Copy, from the data below, every line that has "start" in it.

Records contained in a dataset:
====

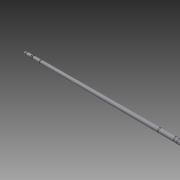
# Autodesk Inventor part: IDLER SHAFT
Saved by Autodesk Inventor 2014 (Build 180170000, 170)
## iProperties
Created: 2013-09-20
Part Number: IDLER SHAFT
Material: Generic
Document SubType Name: Modeling
Designer: Brandon
Density: 1 g/cm^3
Appearance: Default
Author: Brandon
Autodesk Inventor part; units mm, degrees
ref_plane "YZ Plane" through (0, 0, 0) normal (1, 0, 0) x (0, 1, 0)
ref_plane "XZ Plane" through (0, 0, 0) normal (0, 1, 0) x (-1, 0, 0)
ref_plane "XY Plane" through (0, 0, 0) normal (0, 0, 1) x (1, 0, 0)
sketch "Sketch1" plane through (0, 0, 0) normal (0, 1, 0) x (-1, 0, 0)
  line L0 (0, 0) -> (-40, 0) construction
  line L1 (0, 0) -> (0, 0.75)
  line L2 (0, 0.75) -> (-24.16, 0.75)
  line L3 (-24.5, 0.75) -> (-28.5, 0.75)
  line L4 (-28.5, 0.75) -> (-28.84, 0.75) construction
  line L5 (-29.75, 0.75) -> (-32.75, 0.75)
  line L6 (-32.75, 0.75) -> (-33.09, 0.75) construction
  line L7 (-34, 0.75) -> (-34, 0)
  line L8 (-34, 0.75) -> (-33.25, 0.75) construction
  line L9 (-34, 0) -> (0, 0)
  line L10 (-34, 0.6) -> (0, 0.6) construction
  line L11 (-32.75, 0.75) -> (-32.75, 0.6)
  line L12 (-32.75, 0.6) -> (-33.09, 0.6)
  line L13 (-33.09, 0.6) -> (-33.09, 0.75)
  line L14 (-33.09, 0.75) -> (-34, 0.75)
  line L15 (-29.75, 0.75) -> (-29.75, 0.6)
  line L16 (-29.75, 0.6) -> (-29.41, 0.6)
  line L17 (-29.41, 0.6) -> (-29.41, 0.75)
  line L18 (-28.5, 0.75) -> (-28.5, 0.6)
  line L19 (-28.5, 0.6) -> (-28.84, 0.6)
  line L20 (-28.84, 0.6) -> (-28.84, 0.75)
  line L21 (-29.41, 0.75) -> (-29.75, 0.75) construction
  line L22 (-28.84, 0.75) -> (-29.41, 0.75)
  line L23 (-24.5, 0.75) -> (-24.5, 0.6)
  line L24 (-24.5, 0.6) -> (-24.16, 0.6)
  line L25 (-24.16, 0.6) -> (-24.16, 0.75)
  line L26 (-24.16, 0.75) -> (-24.5, 0.75) construction
  line L27 (0, 0) -> (40, 0) construction
  line L28 (0, 0.75) -> (24.16, 0.75)
  line L29 (24.5, 0.75) -> (28.5, 0.75)
  line L30 (28.5, 0.75) -> (28.84, 0.75) construction
  line L31 (29.75, 0.75) -> (32.75, 0.75)
  line L32 (32.75, 0.75) -> (33.09, 0.75) construction
  line L33 (34, 0.75) -> (34, 0)
  line L34 (34, 0.75) -> (33.25, 0.75) construction
  line L35 (34, 0) -> (0, 0)
  line L36 (34, 0.6) -> (0, 0.6) construction
  line L37 (32.75, 0.75) -> (32.75, 0.6)
  line L38 (32.75, 0.6) -> (33.09, 0.6)
  line L39 (33.09, 0.6) -> (33.09, 0.75)
  line L40 (33.09, 0.75) -> (34, 0.75)
  line L41 (29.75, 0.75) -> (29.75, 0.6)
  line L42 (29.75, 0.6) -> (29.41, 0.6)
  line L43 (29.41, 0.6) -> (29.41, 0.75)
  line L44 (28.5, 0.75) -> (28.5, 0.6)
  line L45 (28.5, 0.6) -> (28.84, 0.6)
  line L46 (28.84, 0.6) -> (28.84, 0.75)
  line L47 (29.41, 0.75) -> (29.75, 0.75) construction
  line L48 (28.84, 0.75) -> (29.41, 0.75)
  line L49 (24.5, 0.75) -> (24.5, 0.6)
  line L50 (24.5, 0.6) -> (24.16, 0.6)
  line L51 (24.16, 0.6) -> (24.16, 0.75)
  line L52 (24.16, 0.75) -> (24.5, 0.75) construction
  dimension "d36" = 40
  dimension "d38" = 0.75
  dimension "d39" = 24.5
  dimension "d41" = 4
  dimension "d43" = 1.25
  dimension "d45" = 3
  dimension "d47" = 1.25
  dimension "d50" = 90
  dimension "d51" = 34
  dimension "d52" = 1.2
  dimension "d53" = 0.75
  dimension "d54" = 1.5
  dimension "d55" = 0.34
  dimension "d56" = 0.34
  dimension "d57" = 0.34
  dimension "d58" = 0.34
  constraints: 102 end point, 21 symmetric about line, 14 perpendicular, 11 collinear, 5 vertical, 4 horizontal, 3 point on line, 22 other
  measures "d36" distance of L0.start L0.end
  measures "d38" distance of L0.start L1.end
  measures "d39" distance of L1.end L3.start
  measures "d41" distance of L3.start L3.end
  measures "d43" distance of L3.end L5.start
  measures "d45" distance of L5.start L5.end
  measures "d47" distance of L5.end L7.start
  measures "d50" angle of L7 L8
  measures "d51" distance of L7.end L0.start
  measures "d53" distance between parallel lines of L6 L9
  measures "d54" diameter of L6 L0
  measures "d55" distance of L11.end L12.end
  measures "d56" distance of L15.end L16.end
  measures "d57" distance of L18.end L19.end
  measures "d58" distance of L23.end L24.end
revolve "Revolution2" add sketch "Sketch1" angle 360 about axis through (-34, 0, 0) along (1, 0, 0)
body "Solid2"

====

Task result:
  measures "d36" distance of L0.start L0.end
  measures "d38" distance of L0.start L1.end
  measures "d39" distance of L1.end L3.start
  measures "d41" distance of L3.start L3.end
  measures "d43" distance of L3.end L5.start
  measures "d45" distance of L5.start L5.end
  measures "d47" distance of L5.end L7.start
  measures "d51" distance of L7.end L0.start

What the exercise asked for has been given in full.